Ausschlussklauseln gefährden fast alles
Der Anspruch auf Urlaubsabgeltung knüpft nicht an den mit der Kündigungsschutzklage angestrebten Fortbestand des Arbeitsverhältnisses an, sondern setzt mit der dafür in § 7 IV BUrlG geforderten Beendigung des Arbeitsverhältnisses gerade das Gegenteil voraus. Will der Arbeitnehmer den Verfall seines Anspruchs auf Urlaubsabgeltung verhindern, reicht die Erhebung einer Kündigungsschutzklage nicht aus. Vielmehr muss den Ausschlussklauseln im Arbeitsvertrag oder im Tarifvertrag Rechnung getragen werden. Versäumt man die dort gesetzten Fristen, so ist der Anspruch auf Urlaubsabgeltung weg, obwohl über die Kündigungsschutzklage noch nicht entschieden ist. Das bestätigte zuletzt das Bundesarbeitsgericht in einer entsprechenden Entscheidung (BAG, Az. 9 AZR 531/19).
Das deutsche Recht ist nicht immer ganz einfach zu verstehen. Dazu gehören sicherlich auch die Regelungen zur Verjährung. Dort wird bestimmt, dass Ansprüche nach einer gewissen Zeit nicht mehr gerichtlich durchgesetzt werden können, wenn der Schuldner des Anspruchs die Einrede der Verjährung erhebt und deshalb von seinem Leistungsverweigerungsrecht Gebrauch macht. Dann besteht der Anspruch zwar formal noch fort, er lässt sich aber nicht mehr realisieren. Im Arbeitsrecht gibt es eine ähnliche Regelung, die im Ergebnis aber noch konsequenter ist. Gemeint sind arbeitsvertragliche Ausschlussklauseln, die sich heute in den meisten Verträgen finden.

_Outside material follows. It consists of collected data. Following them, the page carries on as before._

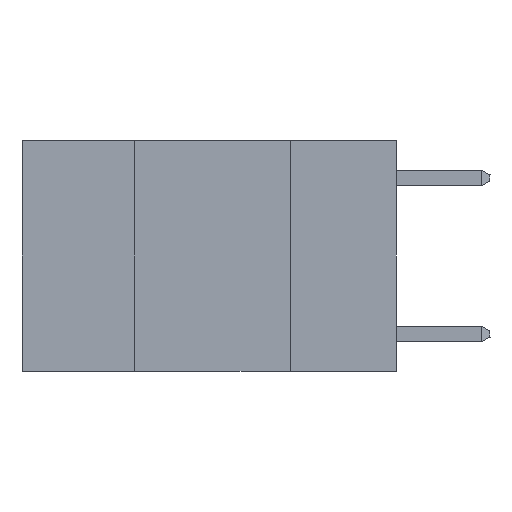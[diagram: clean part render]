
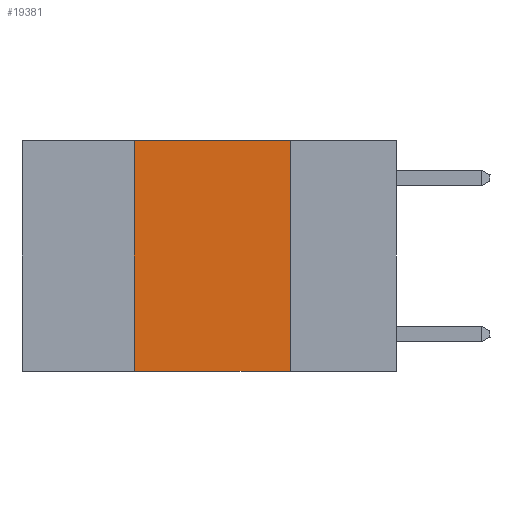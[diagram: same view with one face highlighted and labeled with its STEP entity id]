
A CAD part, left-side view. The second image highlights one B-rep face of the part: STEP entity #19381.
In plain terms, the highlighted planar face has unit normal (-1, 0, 0).
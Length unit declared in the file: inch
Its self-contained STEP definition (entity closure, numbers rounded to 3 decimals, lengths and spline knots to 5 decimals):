
#65 = ORIENTED_EDGE ( 'NONE', *, *, #3048, .F. ) ;
#1162 = DIRECTION ( 'NONE',  ( 0., 0., -1. ) ) ;
#2761 = FACE_OUTER_BOUND ( 'NONE', #4712, .T. ) ;
#3048 = EDGE_CURVE ( 'NONE', #12843, #4004, #22365, .T. ) ;
#4004 = VERTEX_POINT ( 'NONE', #21281 ) ;
#4712 = EDGE_LOOP ( 'NONE', ( #7046, #65, #6531, #24072 ) ) ;
#4862 = CARTESIAN_POINT ( 'NONE',  ( 0., 0.6, -0.37 ) ) ;
#6045 = VECTOR ( 'NONE', #16979, 39.37008 ) ;
#6109 = EDGE_CURVE ( 'NONE', #7049, #12843, #16409, .T. ) ;
#6192 = CARTESIAN_POINT ( 'NONE',  ( 0., 0.42, -0.37 ) ) ;
#6347 = AXIS2_PLACEMENT_3D ( 'NONE', #17601, #12037, #1162 ) ;
#6531 = ORIENTED_EDGE ( 'NONE', *, *, #6109, .F. ) ;
#7046 = ORIENTED_EDGE ( 'NONE', *, *, #9872, .F. ) ;
#7049 = VERTEX_POINT ( 'NONE', #6192 ) ;
#7271 = CARTESIAN_POINT ( 'NONE',  ( 0., 0.42, 0. ) ) ;
#9156 = VECTOR ( 'NONE', #13345, 39.37008 ) ;
#9164 = CARTESIAN_POINT ( 'NONE',  ( 0., 0.17, -0.37 ) ) ;
#9872 = EDGE_CURVE ( 'NONE', #4004, #10358, #13532, .T. ) ;
#10358 = VERTEX_POINT ( 'NONE', #9164 ) ;
#12037 = DIRECTION ( 'NONE',  ( 1., 0., 0. ) ) ;
#12843 = VERTEX_POINT ( 'NONE', #19929 ) ;
#13222 = CARTESIAN_POINT ( 'NONE',  ( 0., 0.6, 0. ) ) ;
#13345 = DIRECTION ( 'NONE',  ( 0., -1., 0. ) ) ;
#13532 = LINE ( 'NONE', #16855, #6045 ) ;
#13903 = PLANE ( 'NONE',  #6347 ) ;
#14424 = EDGE_CURVE ( 'NONE', #7049, #10358, #21908, .T. ) ;
#15984 = DIRECTION ( 'NONE',  ( 0., -1., 0. ) ) ;
#16409 = LINE ( 'NONE', #7271, #21367 ) ;
#16855 = CARTESIAN_POINT ( 'NONE',  ( 0., 0.17, 0. ) ) ;
#16979 = DIRECTION ( 'NONE',  ( 0., 0., -1. ) ) ;
#17601 = CARTESIAN_POINT ( 'NONE',  ( 0., 0.6, 0. ) ) ;
#19381 = ADVANCED_FACE ( 'NONE', ( #2761 ), #13903, .F. ) ;
#19929 = CARTESIAN_POINT ( 'NONE',  ( 0., 0.42, 0. ) ) ;
#21185 = VECTOR ( 'NONE', #15984, 39.37008 ) ;
#21281 = CARTESIAN_POINT ( 'NONE',  ( 0., 0.17, 0. ) ) ;
#21367 = VECTOR ( 'NONE', #24295, 39.37008 ) ;
#21908 = LINE ( 'NONE', #4862, #21185 ) ;
#22365 = LINE ( 'NONE', #13222, #9156 ) ;
#24072 = ORIENTED_EDGE ( 'NONE', *, *, #14424, .T. ) ;
#24295 = DIRECTION ( 'NONE',  ( 0., 0., 1. ) ) ;
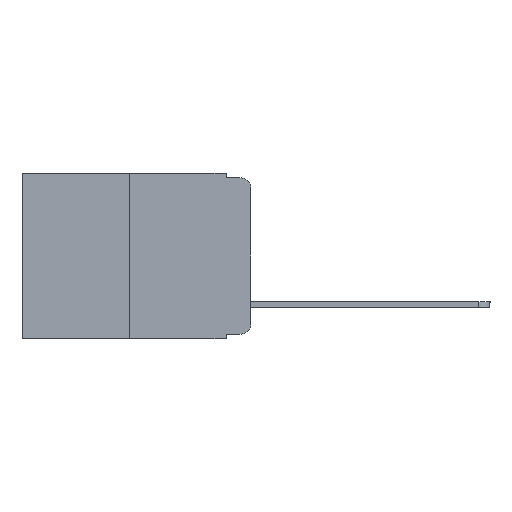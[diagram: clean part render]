
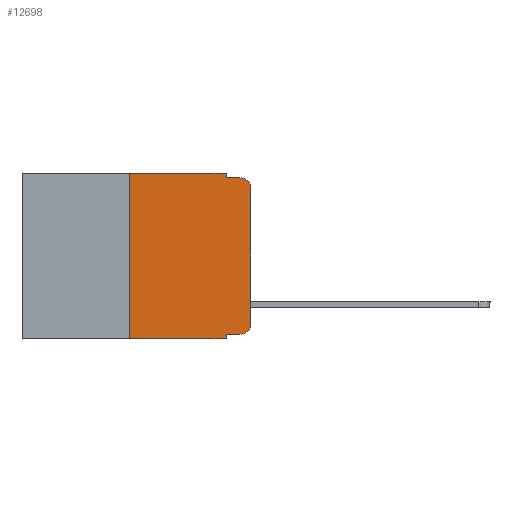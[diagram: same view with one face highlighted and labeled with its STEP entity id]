
A CAD part, left-side view. The second image highlights one B-rep face of the part: STEP entity #12698.
In plain terms, the highlighted planar face has unit normal (-1, 0, 0).
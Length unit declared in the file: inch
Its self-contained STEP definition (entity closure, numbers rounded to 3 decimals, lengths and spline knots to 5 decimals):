
#30 = VECTOR ( 'NONE', #18721, 39.37008 ) ;
#322 = VERTEX_POINT ( 'NONE', #3838 ) ;
#367 = EDGE_CURVE ( 'NONE', #5836, #322, #23189, .T. ) ;
#961 = EDGE_CURVE ( 'NONE', #2071, #24593, #13141, .T. ) ;
#1167 = CARTESIAN_POINT ( 'NONE',  ( 0., 0.473, -0.343 ) ) ;
#1621 = EDGE_CURVE ( 'NONE', #21993, #7762, #15734, .T. ) ;
#1642 = VERTEX_POINT ( 'NONE', #6222 ) ;
#2071 = VERTEX_POINT ( 'NONE', #8937 ) ;
#2205 = DIRECTION ( 'NONE',  ( 0., 0., 1. ) ) ;
#2417 = CARTESIAN_POINT ( 'NONE',  ( 0., 0.051, -0.333 ) ) ;
#2878 = ORIENTED_EDGE ( 'NONE', *, *, #23249, .F. ) ;
#2883 = DIRECTION ( 'NONE',  ( 1., 0., 0. ) ) ;
#2986 = DIRECTION ( 'NONE',  ( 0., 0., -1. ) ) ;
#3232 = EDGE_CURVE ( 'NONE', #1642, #5836, #20361, .T. ) ;
#3838 = CARTESIAN_POINT ( 'NONE',  ( 0., 0., -0.03 ) ) ;
#3910 = ORIENTED_EDGE ( 'NONE', *, *, #367, .T. ) ;
#3990 = CARTESIAN_POINT ( 'NONE',  ( 0., 0.051, -0.01 ) ) ;
#4196 = DIRECTION ( 'NONE',  ( 0., 0., 1. ) ) ;
#4347 = ORIENTED_EDGE ( 'NONE', *, *, #1621, .F. ) ;
#4390 = CARTESIAN_POINT ( 'NONE',  ( 0., 0.473, 0. ) ) ;
#4601 = CARTESIAN_POINT ( 'NONE',  ( 0., 0.473, 0. ) ) ;
#5836 = VERTEX_POINT ( 'NONE', #19495 ) ;
#6058 = LINE ( 'NONE', #11554, #6130 ) ;
#6130 = VECTOR ( 'NONE', #4196, 39.37008 ) ;
#6222 = CARTESIAN_POINT ( 'NONE',  ( 0., 0.02, -0.333 ) ) ;
#6267 = DIRECTION ( 'NONE',  ( 0., -1., 0. ) ) ;
#6906 = DIRECTION ( 'NONE',  ( 0., -1., 0. ) ) ;
#6956 = VECTOR ( 'NONE', #10869, 39.37008 ) ;
#7301 = ORIENTED_EDGE ( 'NONE', *, *, #8530, .F. ) ;
#7731 = ORIENTED_EDGE ( 'NONE', *, *, #17174, .F. ) ;
#7762 = VERTEX_POINT ( 'NONE', #17975 ) ;
#7846 = VECTOR ( 'NONE', #6906, 39.37008 ) ;
#8003 = EDGE_CURVE ( 'NONE', #2071, #21993, #6058, .T. ) ;
#8431 = CARTESIAN_POINT ( 'NONE',  ( 0., 0.02, -0.313 ) ) ;
#8530 = EDGE_CURVE ( 'NONE', #7762, #22976, #16252, .T. ) ;
#8809 = VERTEX_POINT ( 'NONE', #19247 ) ;
#8937 = CARTESIAN_POINT ( 'NONE',  ( 0., 0.25, -0.343 ) ) ;
#9060 = ORIENTED_EDGE ( 'NONE', *, *, #961, .T. ) ;
#9888 = ORIENTED_EDGE ( 'NONE', *, *, #3232, .T. ) ;
#10198 = DIRECTION ( 'NONE',  ( 0., 0., -1. ) ) ;
#10511 = DIRECTION ( 'NONE',  ( 0., 0., -1. ) ) ;
#10869 = DIRECTION ( 'NONE',  ( 0., 0., -1. ) ) ;
#11554 = CARTESIAN_POINT ( 'NONE',  ( 0., 0.25, 0. ) ) ;
#11564 = EDGE_CURVE ( 'NONE', #16321, #1642, #17912, .T. ) ;
#12315 = DIRECTION ( 'NONE',  ( -1., 0., 0. ) ) ;
#12365 = AXIS2_PLACEMENT_3D ( 'NONE', #8431, #12315, #10198 ) ;
#12414 = CARTESIAN_POINT ( 'NONE',  ( 0., 0.02, -0.03 ) ) ;
#12698 = ADVANCED_FACE ( 'NONE', ( #14000 ), #18147, .F. ) ;
#12961 = CARTESIAN_POINT ( 'NONE',  ( 0., 0.051, -0.343 ) ) ;
#13008 = CARTESIAN_POINT ( 'NONE',  ( 0., 0.051, -0.333 ) ) ;
#13141 = LINE ( 'NONE', #1167, #7846 ) ;
#13423 = ORIENTED_EDGE ( 'NONE', *, *, #19308, .T. ) ;
#13528 = ORIENTED_EDGE ( 'NONE', *, *, #8003, .F. ) ;
#13727 = DIRECTION ( 'NONE',  ( 0., -1., 0. ) ) ;
#14000 = FACE_OUTER_BOUND ( 'NONE', #23831, .T. ) ;
#14837 = ORIENTED_EDGE ( 'NONE', *, *, #11564, .T. ) ;
#15460 = CIRCLE ( 'NONE', #16653, 0.02 ) ;
#15734 = LINE ( 'NONE', #4601, #23040 ) ;
#16252 = LINE ( 'NONE', #20004, #6956 ) ;
#16321 = VERTEX_POINT ( 'NONE', #13008 ) ;
#16653 = AXIS2_PLACEMENT_3D ( 'NONE', #12414, #20062, #19557 ) ;
#17174 = EDGE_CURVE ( 'NONE', #16321, #24593, #21965, .T. ) ;
#17912 = LINE ( 'NONE', #2417, #19258 ) ;
#17975 = CARTESIAN_POINT ( 'NONE',  ( 0., 0.051, 0. ) ) ;
#18124 = AXIS2_PLACEMENT_3D ( 'NONE', #4390, #2883, #10511 ) ;
#18147 = PLANE ( 'NONE',  #18124 ) ;
#18721 = DIRECTION ( 'NONE',  ( 0., -1., 0. ) ) ;
#19247 = CARTESIAN_POINT ( 'NONE',  ( 0., 0.02, -0.01 ) ) ;
#19258 = VECTOR ( 'NONE', #6267, 39.37008 ) ;
#19308 = EDGE_CURVE ( 'NONE', #322, #8809, #15460, .T. ) ;
#19310 = LINE ( 'NONE', #21161, #30 ) ;
#19334 = CARTESIAN_POINT ( 'NONE',  ( 0., 0., 0. ) ) ;
#19495 = CARTESIAN_POINT ( 'NONE',  ( 0., 0., -0.313 ) ) ;
#19557 = DIRECTION ( 'NONE',  ( 0., 0., -1. ) ) ;
#20004 = CARTESIAN_POINT ( 'NONE',  ( 0., 0.051, 0. ) ) ;
#20062 = DIRECTION ( 'NONE',  ( -1., 0., 0. ) ) ;
#20120 = CARTESIAN_POINT ( 'NONE',  ( 0., 0.051, 0. ) ) ;
#20258 = VECTOR ( 'NONE', #2205, 39.37008 ) ;
#20361 = CIRCLE ( 'NONE', #12365, 0.02 ) ;
#20564 = VECTOR ( 'NONE', #2986, 39.37008 ) ;
#21161 = CARTESIAN_POINT ( 'NONE',  ( 0., 0.051, -0.01 ) ) ;
#21965 = LINE ( 'NONE', #20120, #20564 ) ;
#21993 = VERTEX_POINT ( 'NONE', #24302 ) ;
#22976 = VERTEX_POINT ( 'NONE', #3990 ) ;
#23040 = VECTOR ( 'NONE', #13727, 39.37008 ) ;
#23189 = LINE ( 'NONE', #19334, #20258 ) ;
#23249 = EDGE_CURVE ( 'NONE', #22976, #8809, #19310, .T. ) ;
#23831 = EDGE_LOOP ( 'NONE', ( #3910, #13423, #2878, #7301, #4347, #13528, #9060, #7731, #14837, #9888 ) ) ;
#24302 = CARTESIAN_POINT ( 'NONE',  ( 0., 0.25, 0. ) ) ;
#24593 = VERTEX_POINT ( 'NONE', #12961 ) ;

Lohnansprüche, Urlaubsabgeltung und Entgeltfortzahlung werden oft durch Ausschlussklauseln befristet
Sogar gesetzlich geregelt findet sich eine solche im Kündigungsschutzgesetz für die Erhebung der Klage. Bei einer arbeitsvertraglichen Ausschlussfrist erlöschen die betroffenen Ansprüche oder Rechte gegenüber dem Arbeitgeber komplett, wenn die entsprechende Frist abgelaufen ist. Dann sind alle Ansprüche weg. Fast alle, muss man hier nun einschränken. Denn nach der Rechtsprechung der Arbeitsgerichte darf der Anspruch auf den Mindestlohn grundsätzlich nicht von derlei Ausschlussklauseln umfasst sein.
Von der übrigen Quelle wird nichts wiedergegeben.